Processing Complex Scripts

To provide text justification, an application can use one of two methods. For a simple implementation of multilingual justification, the application should call ScriptJustify. It generates the delta dx array by considering kashida, then interword spacing, and then intercharacter spacing. For more sophisticated justification, the application can generate an updated delta dx array using its own language knowledge and the information retrieved by ScriptShape in the SCRIPT_VISATTR array.

Justification space or kashida should be inserted where identified by the uJustification member of SCRIPT_VISATTR. When performing inter-character justification, the application should insert extra space only after glyphs marked with SCRIPT_JUSTIFY_CHARACTER.

The application does caret placement and hit testing by using ScriptXtoCP and ScriptCPtoX. For more information, see Managing Caret Placement and Hit Testing.

To get widths in a font-independent manner, the application calls ScriptGetLogicalWidths. By passing the logical widths to ScriptApplyLogicalWidth, a block of text can be redisplayed in the same boundaries with acceptable loss of quality even when the original font is not available. It generates an array of glyph widths (advance widths) suitable for passing to ScriptTextOut. Such recording and reapplying of advance width information in a font-independent manner can be useful in situations such as metafiling in an application defined format.

Note

Metafiles do not support glyph indexes. To write to an enhanced metafile, the application should use ExtTextOut and write the logical characters directly. Using this mechanism, the glyph generation and placement does not occur until the text is played back.

 

To retrieve the specific glyphs that are used for the default, blanks, kashida, and so forth, for the current font, the application should call ScriptGetFontProperties. To determine which characters in a run are supported by the selected font, the application calls ScriptGetCMap. Characters that are not available have the default glyph in the glyph buffer. Note that this method fails if a font renders a character using a combination of glyphs instead of a single glyph. For example, 00C9; LATIN CAPITAL LETTER E WITH ACUTE can be rendered using a capital E glyph and an acute glyph. To determine the font support for a string that contains these kinds of code points, the application can call ScriptShape. For more information, see Using Shaping Engines.

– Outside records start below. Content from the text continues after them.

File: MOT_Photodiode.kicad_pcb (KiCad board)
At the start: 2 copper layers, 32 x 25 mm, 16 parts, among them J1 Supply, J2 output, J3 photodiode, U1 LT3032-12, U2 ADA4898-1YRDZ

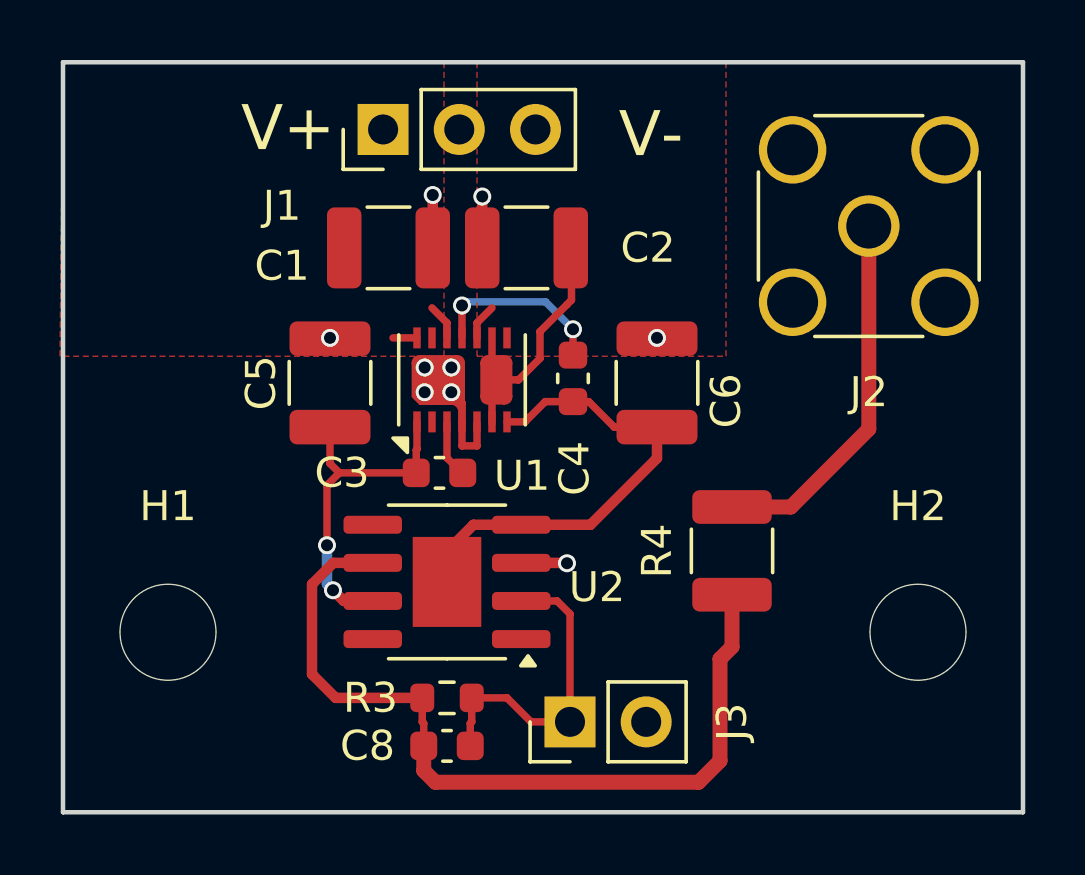
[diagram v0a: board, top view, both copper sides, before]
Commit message: Added logos
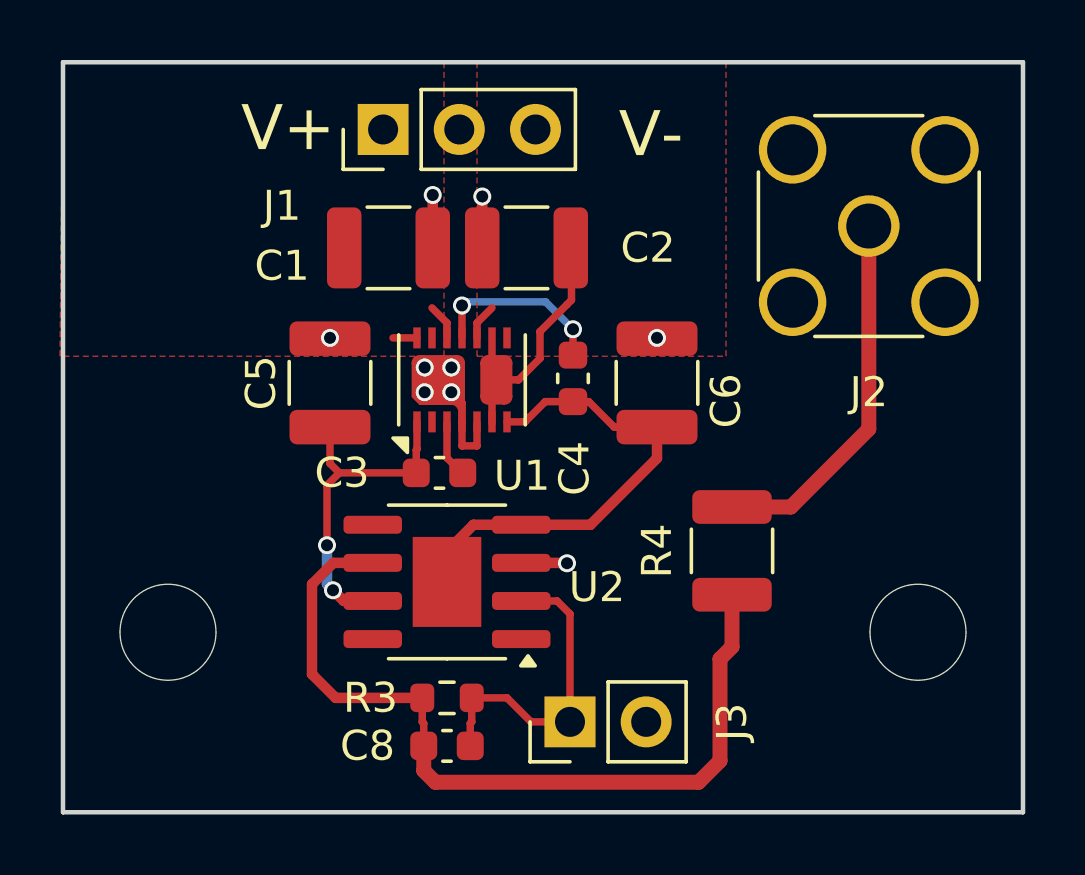
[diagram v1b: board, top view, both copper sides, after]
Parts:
- added SYM1: Logo_Open_Hardware_Small, Symbol:OSHW-Logo_7.5x8mm_SilkScreen, B.Cu at (148.2, 102.8)
- added SYM2: Logo_APQ, custom_footprints_project:APQ-Logo_small, B.Cu at (143.8, 100.8)
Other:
- board text added: "MOT_photodiode 1.1.0 Design: T. Preuschoff Date: 2025-02 https://github.com/ TU-Darmstadt-APQ"
- board text removed: "MOT_photodiode 02/2019 Rev 1.0"

The ScriptCacheGetHeight function returns the height of the font from the font cache. ScriptGetProperties provides information on the special processing required for all the scripts, indexed by script. For example, it includes the primary language associated with the script, data indicating if the script is numeric, and data indicating if the script is a complex script.

ScriptGetGlyphABCWidth returns the ABC width of a given glyph, which might be useful for drawing glyph charts. However, it should not be used for normal complex script text formatting.